§ **Task requirements**
When a line of the records below contains the string "along", copy that whole line.

Information supplied below:

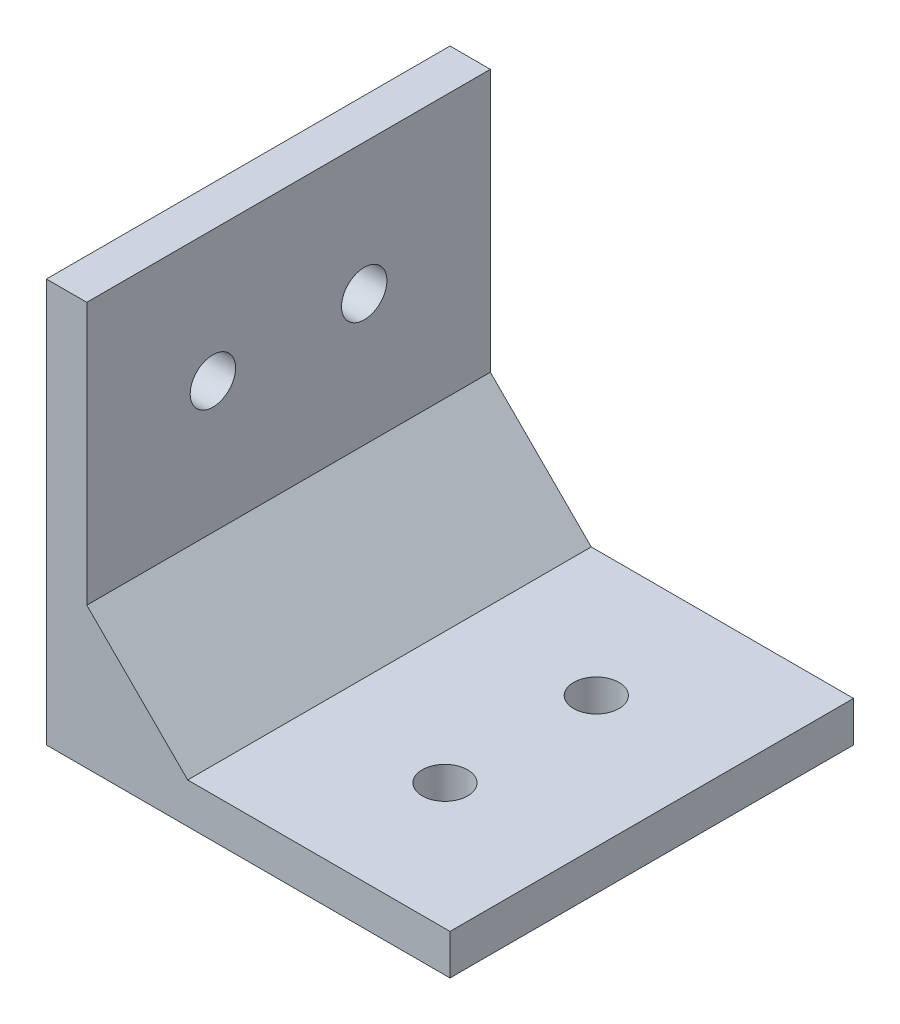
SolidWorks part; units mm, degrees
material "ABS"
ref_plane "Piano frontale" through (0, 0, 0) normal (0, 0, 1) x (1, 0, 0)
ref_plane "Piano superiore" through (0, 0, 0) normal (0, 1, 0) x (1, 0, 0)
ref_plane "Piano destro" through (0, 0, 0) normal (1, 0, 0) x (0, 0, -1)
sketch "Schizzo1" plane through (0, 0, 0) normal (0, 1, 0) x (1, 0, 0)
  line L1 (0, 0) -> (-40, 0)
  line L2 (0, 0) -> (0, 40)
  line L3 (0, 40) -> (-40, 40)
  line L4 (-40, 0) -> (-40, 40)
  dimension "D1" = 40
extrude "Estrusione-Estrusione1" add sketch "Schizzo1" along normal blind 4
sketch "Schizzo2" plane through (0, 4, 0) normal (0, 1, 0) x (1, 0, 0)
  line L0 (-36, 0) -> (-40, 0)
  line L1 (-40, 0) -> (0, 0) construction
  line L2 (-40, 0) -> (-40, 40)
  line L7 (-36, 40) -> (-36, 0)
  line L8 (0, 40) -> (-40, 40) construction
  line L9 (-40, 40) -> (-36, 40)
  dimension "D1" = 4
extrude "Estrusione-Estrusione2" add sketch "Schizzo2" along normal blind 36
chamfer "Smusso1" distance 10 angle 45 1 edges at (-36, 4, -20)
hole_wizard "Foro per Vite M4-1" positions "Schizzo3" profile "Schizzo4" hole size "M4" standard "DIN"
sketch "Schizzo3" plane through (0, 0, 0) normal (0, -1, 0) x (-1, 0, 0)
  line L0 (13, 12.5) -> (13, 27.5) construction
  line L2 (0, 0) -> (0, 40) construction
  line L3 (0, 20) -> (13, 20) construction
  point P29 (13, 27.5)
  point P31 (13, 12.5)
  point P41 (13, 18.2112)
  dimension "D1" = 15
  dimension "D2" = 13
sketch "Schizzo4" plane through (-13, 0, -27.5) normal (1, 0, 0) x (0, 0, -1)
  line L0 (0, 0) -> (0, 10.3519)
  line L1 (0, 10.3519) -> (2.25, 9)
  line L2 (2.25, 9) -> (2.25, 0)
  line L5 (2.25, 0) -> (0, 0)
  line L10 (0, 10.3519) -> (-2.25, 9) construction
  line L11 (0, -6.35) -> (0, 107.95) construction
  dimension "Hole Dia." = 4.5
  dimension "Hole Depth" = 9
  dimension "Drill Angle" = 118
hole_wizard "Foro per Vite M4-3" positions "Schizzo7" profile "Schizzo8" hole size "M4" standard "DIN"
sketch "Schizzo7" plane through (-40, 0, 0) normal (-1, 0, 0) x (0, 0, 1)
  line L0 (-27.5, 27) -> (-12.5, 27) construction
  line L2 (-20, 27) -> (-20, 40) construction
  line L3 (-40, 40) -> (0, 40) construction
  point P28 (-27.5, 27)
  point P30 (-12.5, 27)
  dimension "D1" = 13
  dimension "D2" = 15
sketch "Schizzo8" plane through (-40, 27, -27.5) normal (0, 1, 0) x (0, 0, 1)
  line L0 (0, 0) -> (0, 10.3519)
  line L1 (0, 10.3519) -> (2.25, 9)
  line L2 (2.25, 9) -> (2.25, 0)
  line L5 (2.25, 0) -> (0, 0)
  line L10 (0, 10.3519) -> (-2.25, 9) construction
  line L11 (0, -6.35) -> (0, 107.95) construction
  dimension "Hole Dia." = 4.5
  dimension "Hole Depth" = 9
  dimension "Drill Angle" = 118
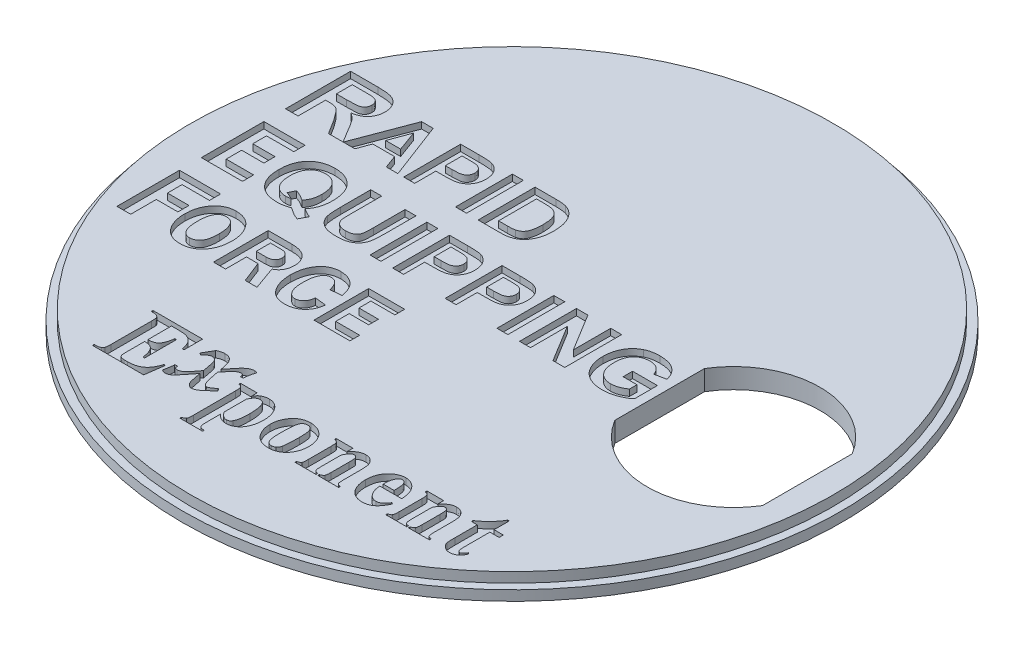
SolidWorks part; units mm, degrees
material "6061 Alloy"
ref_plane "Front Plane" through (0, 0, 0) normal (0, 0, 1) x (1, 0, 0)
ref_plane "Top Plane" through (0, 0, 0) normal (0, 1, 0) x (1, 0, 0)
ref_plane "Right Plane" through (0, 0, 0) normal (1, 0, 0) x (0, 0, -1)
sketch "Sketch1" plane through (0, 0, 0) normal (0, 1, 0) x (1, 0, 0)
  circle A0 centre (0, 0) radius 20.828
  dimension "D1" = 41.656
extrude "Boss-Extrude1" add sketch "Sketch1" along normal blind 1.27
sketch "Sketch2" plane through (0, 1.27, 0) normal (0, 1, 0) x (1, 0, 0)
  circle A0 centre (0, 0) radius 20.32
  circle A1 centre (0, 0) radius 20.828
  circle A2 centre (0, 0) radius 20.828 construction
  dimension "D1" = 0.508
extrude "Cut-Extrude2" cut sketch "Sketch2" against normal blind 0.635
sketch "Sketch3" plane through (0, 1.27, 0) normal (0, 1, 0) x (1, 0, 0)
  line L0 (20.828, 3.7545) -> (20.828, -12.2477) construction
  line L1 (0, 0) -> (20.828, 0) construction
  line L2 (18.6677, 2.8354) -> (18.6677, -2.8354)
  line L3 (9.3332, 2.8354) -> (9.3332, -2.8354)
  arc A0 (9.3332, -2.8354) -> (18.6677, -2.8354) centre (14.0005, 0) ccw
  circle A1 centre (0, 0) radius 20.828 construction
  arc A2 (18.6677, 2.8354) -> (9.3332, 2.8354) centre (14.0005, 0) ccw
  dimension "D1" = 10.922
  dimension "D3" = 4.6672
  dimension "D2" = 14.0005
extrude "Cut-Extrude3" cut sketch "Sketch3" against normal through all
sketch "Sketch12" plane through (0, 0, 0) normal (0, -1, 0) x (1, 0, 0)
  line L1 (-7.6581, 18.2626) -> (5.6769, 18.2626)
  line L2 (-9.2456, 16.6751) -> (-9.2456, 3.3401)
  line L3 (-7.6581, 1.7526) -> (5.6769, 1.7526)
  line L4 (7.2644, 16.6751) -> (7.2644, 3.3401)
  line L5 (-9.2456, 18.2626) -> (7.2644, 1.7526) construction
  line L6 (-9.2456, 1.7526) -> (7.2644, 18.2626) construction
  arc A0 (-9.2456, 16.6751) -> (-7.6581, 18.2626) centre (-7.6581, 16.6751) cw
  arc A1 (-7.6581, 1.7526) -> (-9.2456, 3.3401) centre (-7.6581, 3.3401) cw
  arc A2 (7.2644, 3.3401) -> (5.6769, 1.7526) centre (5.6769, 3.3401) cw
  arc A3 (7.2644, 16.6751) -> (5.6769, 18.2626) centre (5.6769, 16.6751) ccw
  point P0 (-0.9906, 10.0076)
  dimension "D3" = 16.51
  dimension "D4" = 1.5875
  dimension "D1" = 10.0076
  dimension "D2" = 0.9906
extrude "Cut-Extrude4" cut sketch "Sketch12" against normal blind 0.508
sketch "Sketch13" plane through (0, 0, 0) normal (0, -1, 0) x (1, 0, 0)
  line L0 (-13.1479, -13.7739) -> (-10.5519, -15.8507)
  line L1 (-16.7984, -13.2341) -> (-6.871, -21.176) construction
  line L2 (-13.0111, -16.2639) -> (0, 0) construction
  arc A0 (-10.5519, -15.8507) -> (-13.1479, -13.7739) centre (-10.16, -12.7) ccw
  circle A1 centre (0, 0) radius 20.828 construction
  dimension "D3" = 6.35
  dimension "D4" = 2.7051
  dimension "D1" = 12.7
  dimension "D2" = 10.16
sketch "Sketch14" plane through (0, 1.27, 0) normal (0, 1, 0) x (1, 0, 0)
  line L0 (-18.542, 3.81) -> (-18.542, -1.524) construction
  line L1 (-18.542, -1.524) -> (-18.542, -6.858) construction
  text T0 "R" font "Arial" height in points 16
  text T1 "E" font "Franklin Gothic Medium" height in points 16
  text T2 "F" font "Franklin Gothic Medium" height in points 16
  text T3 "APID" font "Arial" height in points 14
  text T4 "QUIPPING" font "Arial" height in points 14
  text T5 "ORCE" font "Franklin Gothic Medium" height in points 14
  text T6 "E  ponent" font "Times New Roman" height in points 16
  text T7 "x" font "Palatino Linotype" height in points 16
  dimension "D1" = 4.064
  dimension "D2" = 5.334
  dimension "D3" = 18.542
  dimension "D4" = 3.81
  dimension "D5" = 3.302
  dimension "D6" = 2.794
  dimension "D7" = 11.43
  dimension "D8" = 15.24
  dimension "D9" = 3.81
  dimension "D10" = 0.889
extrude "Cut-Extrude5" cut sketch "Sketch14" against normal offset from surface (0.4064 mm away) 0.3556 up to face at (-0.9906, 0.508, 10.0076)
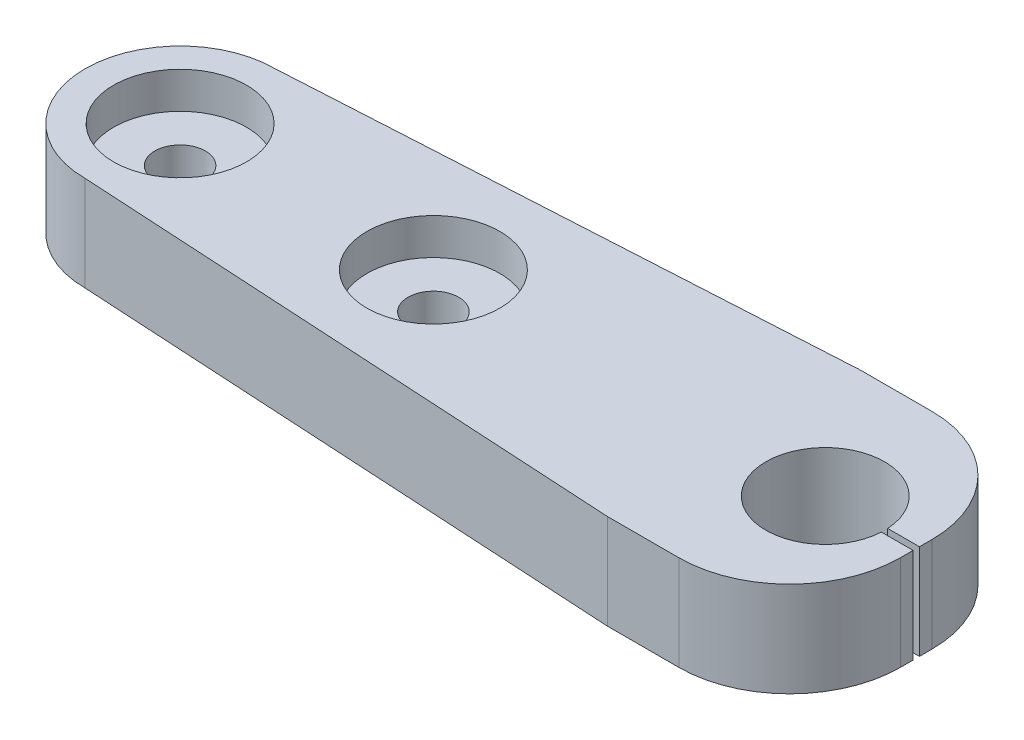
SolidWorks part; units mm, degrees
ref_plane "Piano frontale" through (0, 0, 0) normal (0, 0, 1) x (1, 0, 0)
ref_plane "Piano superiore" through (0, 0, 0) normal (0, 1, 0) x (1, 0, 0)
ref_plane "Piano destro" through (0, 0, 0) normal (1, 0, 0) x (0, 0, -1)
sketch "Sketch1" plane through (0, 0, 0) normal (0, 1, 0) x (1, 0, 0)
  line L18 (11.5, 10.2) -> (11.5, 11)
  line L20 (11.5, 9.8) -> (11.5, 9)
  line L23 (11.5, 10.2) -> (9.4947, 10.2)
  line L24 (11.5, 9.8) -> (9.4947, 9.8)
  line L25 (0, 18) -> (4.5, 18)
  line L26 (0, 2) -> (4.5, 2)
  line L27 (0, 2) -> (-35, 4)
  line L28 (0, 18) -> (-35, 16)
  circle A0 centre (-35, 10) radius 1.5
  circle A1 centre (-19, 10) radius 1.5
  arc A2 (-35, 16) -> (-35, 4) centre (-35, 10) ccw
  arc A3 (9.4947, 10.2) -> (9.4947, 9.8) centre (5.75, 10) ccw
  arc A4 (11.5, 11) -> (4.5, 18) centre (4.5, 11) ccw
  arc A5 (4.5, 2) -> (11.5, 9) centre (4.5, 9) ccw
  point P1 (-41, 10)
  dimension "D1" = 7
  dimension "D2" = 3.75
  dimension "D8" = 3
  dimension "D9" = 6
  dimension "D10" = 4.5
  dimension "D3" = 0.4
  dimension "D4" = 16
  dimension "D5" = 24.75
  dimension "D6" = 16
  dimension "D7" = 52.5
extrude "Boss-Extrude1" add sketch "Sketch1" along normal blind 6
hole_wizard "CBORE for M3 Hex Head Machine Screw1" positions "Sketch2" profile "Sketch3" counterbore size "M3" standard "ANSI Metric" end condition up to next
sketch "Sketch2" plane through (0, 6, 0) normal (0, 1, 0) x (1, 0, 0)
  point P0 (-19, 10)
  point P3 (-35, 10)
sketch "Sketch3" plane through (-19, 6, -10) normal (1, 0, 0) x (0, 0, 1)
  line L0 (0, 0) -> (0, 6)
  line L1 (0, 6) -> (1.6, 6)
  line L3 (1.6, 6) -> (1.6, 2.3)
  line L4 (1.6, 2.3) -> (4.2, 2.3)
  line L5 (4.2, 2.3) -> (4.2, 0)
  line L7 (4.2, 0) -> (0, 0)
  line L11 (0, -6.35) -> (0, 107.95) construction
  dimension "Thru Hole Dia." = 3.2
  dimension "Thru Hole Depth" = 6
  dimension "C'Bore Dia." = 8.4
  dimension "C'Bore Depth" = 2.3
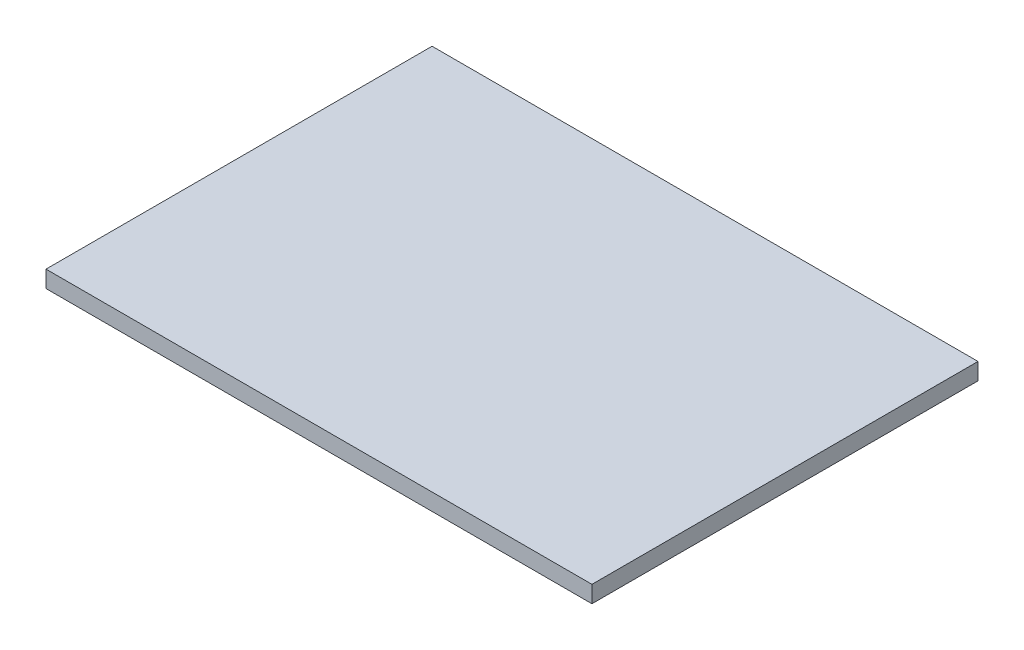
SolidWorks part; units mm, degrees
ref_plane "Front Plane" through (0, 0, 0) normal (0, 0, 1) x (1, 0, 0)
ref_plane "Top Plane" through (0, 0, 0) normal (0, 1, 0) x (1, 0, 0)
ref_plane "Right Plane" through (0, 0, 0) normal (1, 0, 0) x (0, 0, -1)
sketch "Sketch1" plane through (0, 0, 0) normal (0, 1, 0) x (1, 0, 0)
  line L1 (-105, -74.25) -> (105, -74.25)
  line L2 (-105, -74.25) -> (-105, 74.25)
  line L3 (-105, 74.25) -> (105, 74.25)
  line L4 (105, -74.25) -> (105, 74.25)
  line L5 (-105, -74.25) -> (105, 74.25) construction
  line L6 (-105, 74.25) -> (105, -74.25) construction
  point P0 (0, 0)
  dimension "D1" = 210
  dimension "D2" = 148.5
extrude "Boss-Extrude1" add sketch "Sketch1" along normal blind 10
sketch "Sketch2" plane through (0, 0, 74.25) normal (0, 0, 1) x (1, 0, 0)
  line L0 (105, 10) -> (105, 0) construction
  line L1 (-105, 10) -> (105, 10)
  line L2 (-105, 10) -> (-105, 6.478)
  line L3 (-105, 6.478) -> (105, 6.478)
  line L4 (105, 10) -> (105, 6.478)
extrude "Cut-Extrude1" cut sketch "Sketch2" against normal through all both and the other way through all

End of Information supplied.

§ **Solution**
extrude "Estrusione-Estrusione1" add sketch "Schizzo1" along normal blind 4
extrude "Estrusione-Estrusione2" add sketch "Schizzo2" along normal blind 36
extrude "Boss-Extrude1" add sketch "Sketch1" along normal blind 1.27
extrude "Boss-Extrude1" add sketch "Sketch1" along normal blind 6
extrude "Boss-Extrude1" add sketch "Sketch1" along normal blind 10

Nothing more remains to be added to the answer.